• Task details
Within the listing, how many lines hold the word "units"? Give the number by itself.

▼▼▼

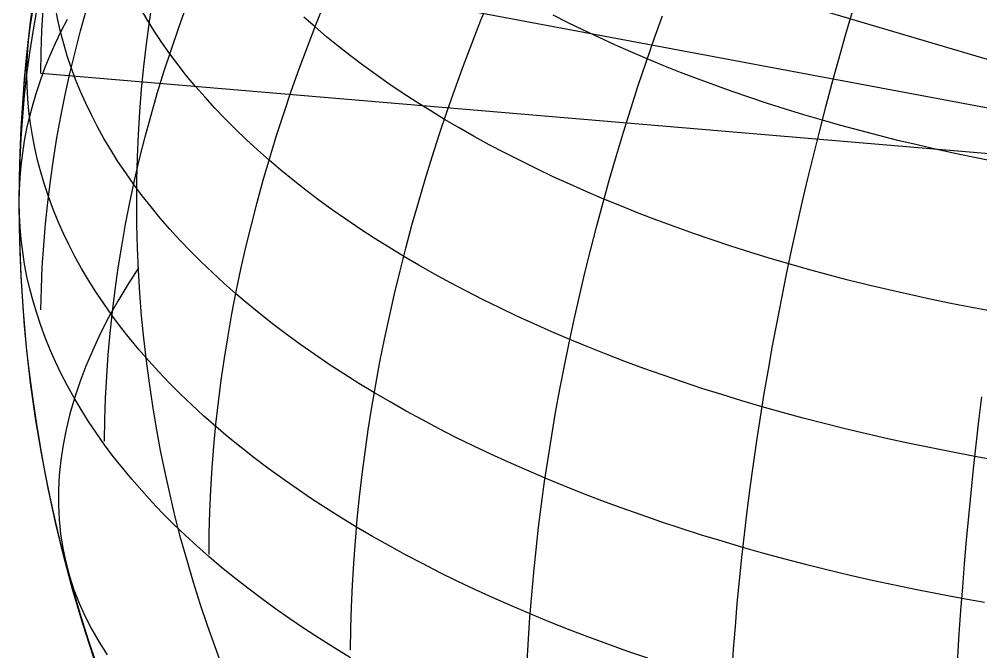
# Model space of a CAD drawing. Header units: millimetres. Extents: x -85 to 85, y -85 to 85.
# Drawn here: x -85 to -27.3, y -27 to 11 of the extents above; entities that cross this region are included whole.
import ezdxf

# ---------------------------------------------------------------- set-up
doc = ezdxf.new("R2010")
doc.units = ezdxf.units.MM
for name, color, linetype in [('CUT_OUTER', 1, 'Continuous'), ('ENGRAVE', 7, 'Continuous'), ('ENGRAVE_FINE', 8, 'Continuous')]:
    doc.layers.add(name, color=color, linetype=linetype)

msp = doc.modelspace()

# ---------------------------------------------------------------- linework, layer by layer
at = {"layer": 'CUT_OUTER'}
msp.add_circle((0, 0), 85, dxfattribs=at)
at = {"layer": 'ENGRAVE'}
for points in [[(-80.3691, -27.6733), (-80.8398, -26.2664), (-81.2859, -24.8516), (-81.7072, -23.4292), (-82.1037, -21.9996), (-82.4751, -20.5634), (-82.8215, -19.1208), (-83.1425, -17.6725), (-83.4383, -16.2188), (-83.7087, -14.7601), (-83.9535, -13.2969), (-84.1728, -11.8297), (-84.3664, -10.3589), (-84.5344, -8.8849), (-84.6765, -7.4082), (-84.7929, -5.9293), (-84.8835, -4.4486), (-84.9482, -2.9665), (-84.9871, -1.4835), (-85, 0), (-84.9871, 1.4835), (-84.9482, 2.9665), (-84.8835, 4.4486), (-84.7929, 5.9293), (-84.6765, 7.4082), (-84.5344, 8.8849), (-84.3664, 10.3589), (-84.1728, 11.8297)], [(-65.1138, -27.3185), (-66.0574, -26.7461), (-66.9809, -26.1656), (-67.884, -25.5771), (-68.7664, -24.9809), (-69.6279, -24.377), (-70.4682, -23.7657), (-71.287, -23.1472), (-72.0841, -22.5216), (-72.8592, -21.8891), (-73.6122, -21.25), (-74.3427, -20.6044), (-75.0505, -19.9525), (-75.7356, -19.2946), (-76.3975, -18.6308), (-77.0362, -17.9613), (-77.6514, -17.2863), (-78.2429, -16.6061), (-78.8106, -15.9208), (-79.3543, -15.2306), (-79.8739, -14.5359), (-80.3691, -13.8366), (-80.8398, -13.1332), (-81.2859, -12.4258), (-81.7072, -11.7146), (-82.1037, -10.9998), (-82.4751, -10.2817), (-82.8215, -9.5604), (-83.1425, -8.8362), (-83.4383, -8.1094), (-83.7087, -7.38), (-83.9535, -6.6485), (-84.1728, -5.9149), (-84.3664, -5.1794), (-84.5344, -4.4425), (-84.6765, -3.7041), (-84.7929, -2.9647), (-84.8835, -2.2243), (-84.9482, -1.4832), (-84.9871, -0.7417), (-85, 0), (-84.9871, 0.7417), (-84.9482, 1.4832), (-84.8835, 2.2243), (-84.7929, 2.9647), (-84.6765, 3.7041), (-84.5344, 4.4425), (-84.3664, 5.1794), (-84.1728, 5.9149), (-83.9535, 6.6485), (-83.7087, 7.38), (-83.4383, 8.1094), (-83.1425, 8.8362), (-82.8215, 9.5604), (-82.4751, 10.2817), (-82.1037, 10.9998)]]:
    msp.add_lwpolyline(points, dxfattribs=at)
at = {"layer": 'ENGRAVE_FINE'}
for points in [[(73.612, -21.1188), (-73.6031, 22.4009)], [(79.8735, -14.3171), (-79.8655, 15.6004)], [(-72.7727, -27.9348), (-73.2491, -26.6605), (-73.7033, -25.3781), (-74.135, -24.0879), (-74.5441, -22.7904), (-74.9305, -21.486), (-75.294, -20.175), (-75.6347, -18.8578), (-75.9523, -17.535), (-76.2467, -16.2067), (-76.5179, -14.8736), (-76.7659, -13.5359), (-76.9904, -12.1941), (-77.1915, -10.8486), (-77.3691, -9.4997), (-77.5231, -8.148), (-77.6535, -6.7938), (-77.7602, -5.4375), (-77.8433, -4.0796), (-77.9026, -2.7204), (-77.9382, -1.3604), (-77.9501, 0), (-77.9382, 1.3604), (-77.9026, 2.7204), (-77.8433, 4.0796), (-77.7602, 5.4375), (-77.6535, 6.7938), (-77.5231, 8.148), (-77.3691, 9.4997), (-77.1915, 10.8486), (-76.9904, 12.1941)], [(-72.7727, -27.9348), (-73.2491, -26.6605), (-73.7033, -25.3781), (-74.135, -24.0879), (-74.5441, -22.7904), (-74.9305, -21.486), (-75.294, -20.175), (-75.6347, -18.8578), (-75.9523, -17.535), (-76.2467, -16.2067), (-76.5179, -14.8736), (-76.7659, -13.5359), (-76.9904, -12.1941), (-77.1915, -10.8486), (-77.3691, -9.4997), (-77.5231, -8.148), (-77.6535, -6.7938), (-77.7602, -5.4375), (-77.8433, -4.0796), (-77.9026, -2.7204), (-77.9382, -1.3604), (-77.9501, 0), (-77.9382, 1.3604), (-77.9026, 2.7204), (-77.8433, 4.0796), (-77.7602, 5.4375), (-77.6535, 6.7938), (-77.5231, 8.148), (-77.3691, 9.4997), (-77.1915, 10.8486), (-76.9904, 12.1941)], [(-65.1125, -26.8547), (-65.0954, -25.5629), (-65.0585, -24.2633), (-65.0018, -22.9564), (-64.9253, -21.6424), (-64.829, -20.3219), (-64.713, -18.9952), (-64.5772, -17.6627), (-64.4218, -16.3248), (-64.2467, -14.9819), (-64.0521, -13.6345), (-63.838, -12.2829), (-63.6044, -10.9276), (-63.3515, -9.5689), (-63.0792, -8.2073), (-62.7878, -6.8433), (-62.4772, -5.4771), (-62.1476, -4.1093), (-61.799, -2.7402), (-61.4317, -1.3703), (-61.0456, 0), (-60.6409, 1.3703), (-60.2177, 2.7402), (-59.7763, 4.1093), (-59.3165, 5.4771), (-58.8388, 6.8433), (-58.3431, 8.2073), (-57.8296, 9.5689), (-57.2985, 10.9276), (-56.75, 12.2829)], [(83.702, -6.4479), (-83.7077, 7.7331), (-83.6879, 9.016), (-83.6427, 10.2962), (-83.572, 11.5732)], [(-83.702, -6.4479), (-83.6707, -5.1607), (-83.614, -3.8719), (-83.5318, -2.5819), (-83.4242, -1.2911), (-83.2911, 0), (-83.1327, 1.2911), (-82.949, 2.5819), (-82.7399, 3.8719), (-82.5057, 5.1607), (-82.2464, 6.4479), (-81.962, 7.7331), (-81.6526, 9.016), (-81.3184, 10.2962), (-80.9594, 11.5732)], [(-27.0686, -24.0016), (-28.4364, -23.7594), (-29.7956, -23.5053), (-31.1457, -23.2394), (-32.4864, -22.9617), (-33.8171, -22.6724), (-35.1376, -22.3715), (-36.4473, -22.0592), (-37.7459, -21.7354), (-39.0331, -21.4004), (-40.3083, -21.0542), (-41.5713, -20.697), (-42.8216, -20.3287), (-44.0588, -19.9496), (-45.2827, -19.5598), (-46.4927, -19.1593), (-47.6886, -18.7484), (-48.87, -18.327), (-50.0364, -17.8955), (-51.1877, -17.4538), (-52.3233, -17.0021), (-53.443, -16.5406), (-54.5464, -16.0694), (-55.6332, -15.5886), (-56.7031, -15.0985), (-57.7557, -14.599), (-58.7907, -14.0905), (-59.8077, -13.573), (-60.8066, -13.0467), (-61.787, -12.5118), (-62.7485, -11.9684), (-63.6909, -11.4167), (-64.6139, -10.8568), (-65.5172, -10.289), (-66.4006, -9.7134), (-67.2637, -9.1302), (-68.1064, -8.5395), (-68.9283, -7.9415), (-69.7292, -7.3365), (-70.5089, -6.7246), (-71.2671, -6.106), (-72.0036, -5.4808), (-72.7181, -4.8493), (-73.4105, -4.2117), (-74.0806, -3.5681), (-74.728, -2.9188), (-75.3527, -2.264), (-75.9545, -1.6037), (-76.5331, -0.9384), (-77.0884, -0.268), (-77.6203, 0.407), (-78.1284, 1.0866), (-78.6128, 1.7705), (-79.0733, 2.4586), (-79.5096, 3.1506), (-79.9217, 3.8462), (-80.3095, 4.5454), (-80.6729, 5.2478), (-81.0116, 5.9533), (-81.3257, 6.6617), (-81.615, 7.3727), (-81.8794, 8.0861), (-82.1189, 8.8016), (-82.3334, 9.5192), (-82.5228, 10.2386), (-82.6871, 10.9594), (-82.8262, 11.6817)], [(-79.8735, -14.3171), (-79.8572, -13.0294), (-79.8166, -11.7378), (-79.7516, -10.4427), (-79.6624, -9.1443), (-79.5489, -7.8431), (-79.4112, -6.5396), (-79.2492, -5.2341), (-79.0632, -3.927), (-78.853, -2.6186), (-78.6189, -1.3095), (-78.3607, 0), (-78.0788, 1.3095), (-77.773, 2.6186), (-77.4435, 3.927), (-77.0905, 5.2341), (-76.7139, 6.5396), (-76.314, 7.8431), (-75.8909, 9.1443), (-75.4446, 10.4427), (-74.9754, 11.7378)], [(-26.3189, -15.4704), (-27.6488, -15.2349), (-28.9704, -14.9878), (-30.2831, -14.7293), (-31.5866, -14.4593), (-32.8805, -14.178), (-34.1644, -13.8855), (-35.4378, -13.5818), (-36.7005, -13.267), (-37.952, -12.9412), (-39.1919, -12.6046), (-40.4199, -12.2573), (-41.6356, -11.8992), (-42.8386, -11.5306), (-44.0285, -11.1516), (-45.205, -10.7622), (-46.3678, -10.3626), (-47.5164, -9.953), (-48.6506, -9.5334), (-49.77, -9.1039), (-50.8741, -8.6648), (-51.9628, -8.216), (-53.0357, -7.7579), (-54.0924, -7.2904), (-55.1326, -6.8138), (-56.156, -6.3282), (-57.1624, -5.8338), (-58.1513, -5.3306), (-59.1225, -4.8189), (-60.0757, -4.2988), (-61.0106, -3.7704), (-61.9269, -3.234), (-62.8243, -2.6897), (-63.7026, -2.1376), (-64.5615, -1.5779), (-65.4008, -1.0108), (-66.2201, -0.4365), (-67.0192, 0.1449), (-67.798, 0.7332), (-68.556, 1.3281), (-69.2932, 1.9296), (-70.0093, 2.5375), (-70.7041, 3.1515), (-71.3773, 3.7714), (-72.0288, 4.3972), (-72.6583, 5.0285), (-73.2657, 5.6652), (-73.8508, 6.3072), (-74.4134, 6.9541), (-74.9534, 7.6058), (-75.4705, 8.2622), (-75.9646, 8.923), (-76.4355, 9.588), (-76.8832, 10.257), (-77.3075, 10.9298), (-77.7082, 11.6062)], [(-73.612, -21.1188), (-73.5985, -19.8302), (-73.5626, -18.5356), (-73.5043, -17.2353), (-73.4236, -15.9298), (-73.3205, -14.6194), (-73.1951, -13.3046), (-73.0474, -11.9857), (-72.8774, -10.6632), (-72.6852, -9.3374), (-72.4709, -8.0088), (-72.2345, -6.6777), (-71.9762, -5.3446), (-71.6959, -4.0099), (-71.3937, -2.6739), (-71.0698, -1.3372), (-70.7243, 0), (-70.3572, 1.3372), (-69.9687, 2.6739), (-69.5588, 4.0099), (-69.1278, 5.3446), (-68.6757, 6.6777), (-68.2028, 8.0088), (-67.709, 9.3374), (-67.1946, 10.6632), (-66.6597, 11.9857)], [(-84.9871, 1.2847), (-84.9482, 2.569), (-84.8835, 3.8526), (-84.7929, 5.1349), (-84.6765, 6.4157), (-84.5344, 7.6946), (-84.3664, 8.9711), (-84.1728, 10.2448), (-83.9535, 11.5155)], [(-47.271, -27.3465), (-48.4869, -26.9287), (-49.6881, -26.5003), (-50.874, -26.0615), (-52.0445, -25.6124), (-53.1992, -25.1532), (-54.3376, -24.684), (-55.4595, -24.2049), (-56.5645, -23.7161), (-57.6523, -23.2177), (-58.7225, -22.7099), (-59.7748, -22.1928), (-60.8089, -21.6667), (-61.8245, -21.1316), (-62.8213, -20.5877), (-63.7989, -20.0352), (-64.7571, -19.4743), (-65.6955, -18.905), (-66.614, -18.3277), (-67.5121, -17.7425), (-68.3897, -17.1495), (-69.2465, -16.5489), (-70.0822, -15.9409), (-70.8965, -15.3258), (-71.6892, -14.7036), (-72.4601, -14.0746), (-73.2089, -13.439), (-73.9354, -12.797), (-74.6394, -12.1487), (-75.3207, -11.4943), (-75.979, -10.8341), (-76.6141, -10.1683), (-77.226, -9.497), (-77.8143, -8.8205), (-78.3789, -8.139), (-78.9196, -7.4526), (-79.4363, -6.7617), (-79.9288, -6.0663), (-80.397, -5.3667), (-80.8406, -4.6632), (-81.2596, -3.9558), (-81.6539, -3.245), (-82.0233, -2.5308), (-82.3678, -1.8135), (-82.6871, -1.0933), (-82.9812, -0.3704), (-83.2501, 0.3549), (-83.4936, 1.0825), (-83.7117, 1.8121), (-83.9043, 2.5435), (-84.0713, 3.2764), (-84.2127, 4.0107), (-84.3284, 4.7462), (-84.4185, 5.4825), (-84.4829, 6.2195), (-84.5215, 6.9569), (-84.5344, 7.6946), (-84.5215, 8.4322), (-84.4829, 9.1697), (-84.4185, 9.9067), (-84.3284, 10.643), (-84.2127, 11.3784)], [(-26.5583, -6.5434), (-27.8278, -6.3061), (-29.0887, -6.0578), (-30.3408, -5.7985), (-31.5837, -5.5283), (-32.8169, -5.2473), (-34.0401, -4.9555), (-35.253, -4.6532), (-36.4551, -4.3403), (-37.6461, -4.0169), (-38.8257, -3.6833), (-39.9934, -3.3393), (-41.149, -2.9853), (-42.292, -2.6212), (-43.4221, -2.2472), (-44.539, -1.8634), (-45.6423, -1.4699), (-46.7318, -1.0668), (-47.807, -0.6543), (-48.8676, -0.2325), (-49.9133, 0.1986), (-50.9439, 0.6386), (-51.9589, 1.0877), (-52.9581, 1.5455), (-53.9412, 2.0119), (-54.9078, 2.4869), (-55.8577, 2.9702), (-56.7906, 3.4617), (-57.7062, 3.9613), (-58.6042, 4.4688), (-59.4844, 4.9841), (-60.3464, 5.507), (-61.1901, 6.0373), (-62.0151, 6.5749), (-62.8213, 7.1196), (-63.6083, 7.6713), (-64.3759, 8.2297), (-65.1239, 8.7948), (-65.8521, 9.3663), (-66.5602, 9.9441), (-67.2481, 10.5279), (-67.9154, 11.1177)], [(-54.5131, -27.5293), (-54.4406, -26.2051), (-54.3516, -24.8729), (-54.246, -23.5331), (-54.1238, -22.1862), (-53.9852, -20.8324), (-53.8301, -19.4724), (-53.6587, -18.1064), (-53.4709, -16.7349), (-53.2668, -15.3583), (-53.0464, -13.977), (-52.81, -12.5915), (-52.5574, -11.2021), (-52.2888, -9.8093), (-52.0043, -8.4135), (-51.704, -7.0152), (-51.3879, -5.6147), (-51.0561, -4.2125), (-50.7088, -2.8091), (-50.3461, -1.4048), (-49.968, 0), (-49.5747, 1.4048), (-49.1663, 2.8091), (-48.7429, 4.2125), (-48.3047, 5.6147), (-47.8518, 7.0152), (-47.3842, 8.4135), (-46.9023, 9.8093), (-46.406, 11.2021)], [(-26.3802, 2.4446), (-27.5756, 2.6801), (-28.7626, 2.9259), (-29.9408, 3.1821), (-31.1098, 3.4484), (-32.2694, 3.725), (-33.4192, 4.0116), (-34.5588, 4.3082), (-35.6879, 4.6148), (-36.8061, 4.9311), (-37.9131, 5.2571), (-39.0085, 5.5928), (-40.0921, 5.9379), (-41.1634, 6.2925), (-42.2222, 6.6563), (-43.2681, 7.0293), (-44.3009, 7.4114), (-45.3202, 7.8025), (-46.3256, 8.2024), (-47.317, 8.611), (-48.2939, 9.0282), (-49.2561, 9.4538), (-50.2034, 9.8878), (-51.1353, 10.33), (-52.0517, 10.7803), (-52.9522, 11.2384)], [(-42.2213, -28.1486), (-42.1301, -26.7946), (-42.026, -25.4324), (-41.9091, -24.0625), (-41.7795, -22.6852), (-41.6372, -21.301), (-41.4821, -19.9104), (-41.3144, -18.5137), (-41.1342, -17.1113), (-40.9414, -15.7038), (-40.7361, -14.2914), (-40.5184, -12.8747), (-40.2884, -11.4541), (-40.0461, -10.03), (-39.7916, -8.6028), (-39.525, -7.173), (-39.2464, -5.741), (-38.9558, -4.3073), (-38.6533, -2.8723), (-38.3391, -1.4363), (-38.0132, 0), (-37.6757, 1.4363), (-37.3267, 2.8723), (-36.9663, 4.3073), (-36.5947, 5.741), (-36.212, 7.173), (-35.8182, 8.6028), (-35.4135, 10.03), (-34.998, 11.4541)], [(-77.8514, -3.9222), (-78.4915, -4.9228), (-79.0855, -5.917), (-79.6335, -6.9048), (-80.1356, -7.8857), (-80.5919, -8.8595), (-81.0024, -9.8261), (-81.3674, -10.785), (-81.6868, -11.7359), (-81.9606, -12.6787), (-82.189, -13.6128), (-82.372, -14.5382), (-82.5097, -15.4543), (-82.6021, -16.3609), (-82.6493, -17.2578), (-82.6514, -18.1444), (-82.6083, -19.0205), (-82.5203, -19.8859), (-82.3873, -20.74), (-82.2094, -21.5827), (-81.9868, -22.4135), (-81.7195, -23.2322), (-81.4076, -24.0385), (-81.0512, -24.8319), (-80.6504, -25.6122), (-80.2053, -26.379), (-79.716, -27.1321)], [(-29.0707, -39.3173), (-29.062, -38.0207), (-29.0445, -36.7127), (-29.0181, -35.3934), (-28.9828, -34.0633), (-28.9388, -32.7229), (-28.8859, -31.3725), (-28.8242, -30.0126), (-28.7538, -28.6435), (-28.6746, -27.2656), (-28.5866, -25.8795), (-28.49, -24.4855), (-28.3847, -23.084), (-28.2707, -21.6755), (-28.1481, -20.2604), (-28.0169, -18.8392), (-27.8772, -17.4122), (-27.729, -15.9799), (-27.5724, -14.5427), (-27.4074, -13.1011), (-27.234, -11.6555)]]:
    msp.add_lwpolyline(points, dxfattribs=at)

doc.saveas('drawing.dxf')

▲▲▲

• Solution for this exercise
2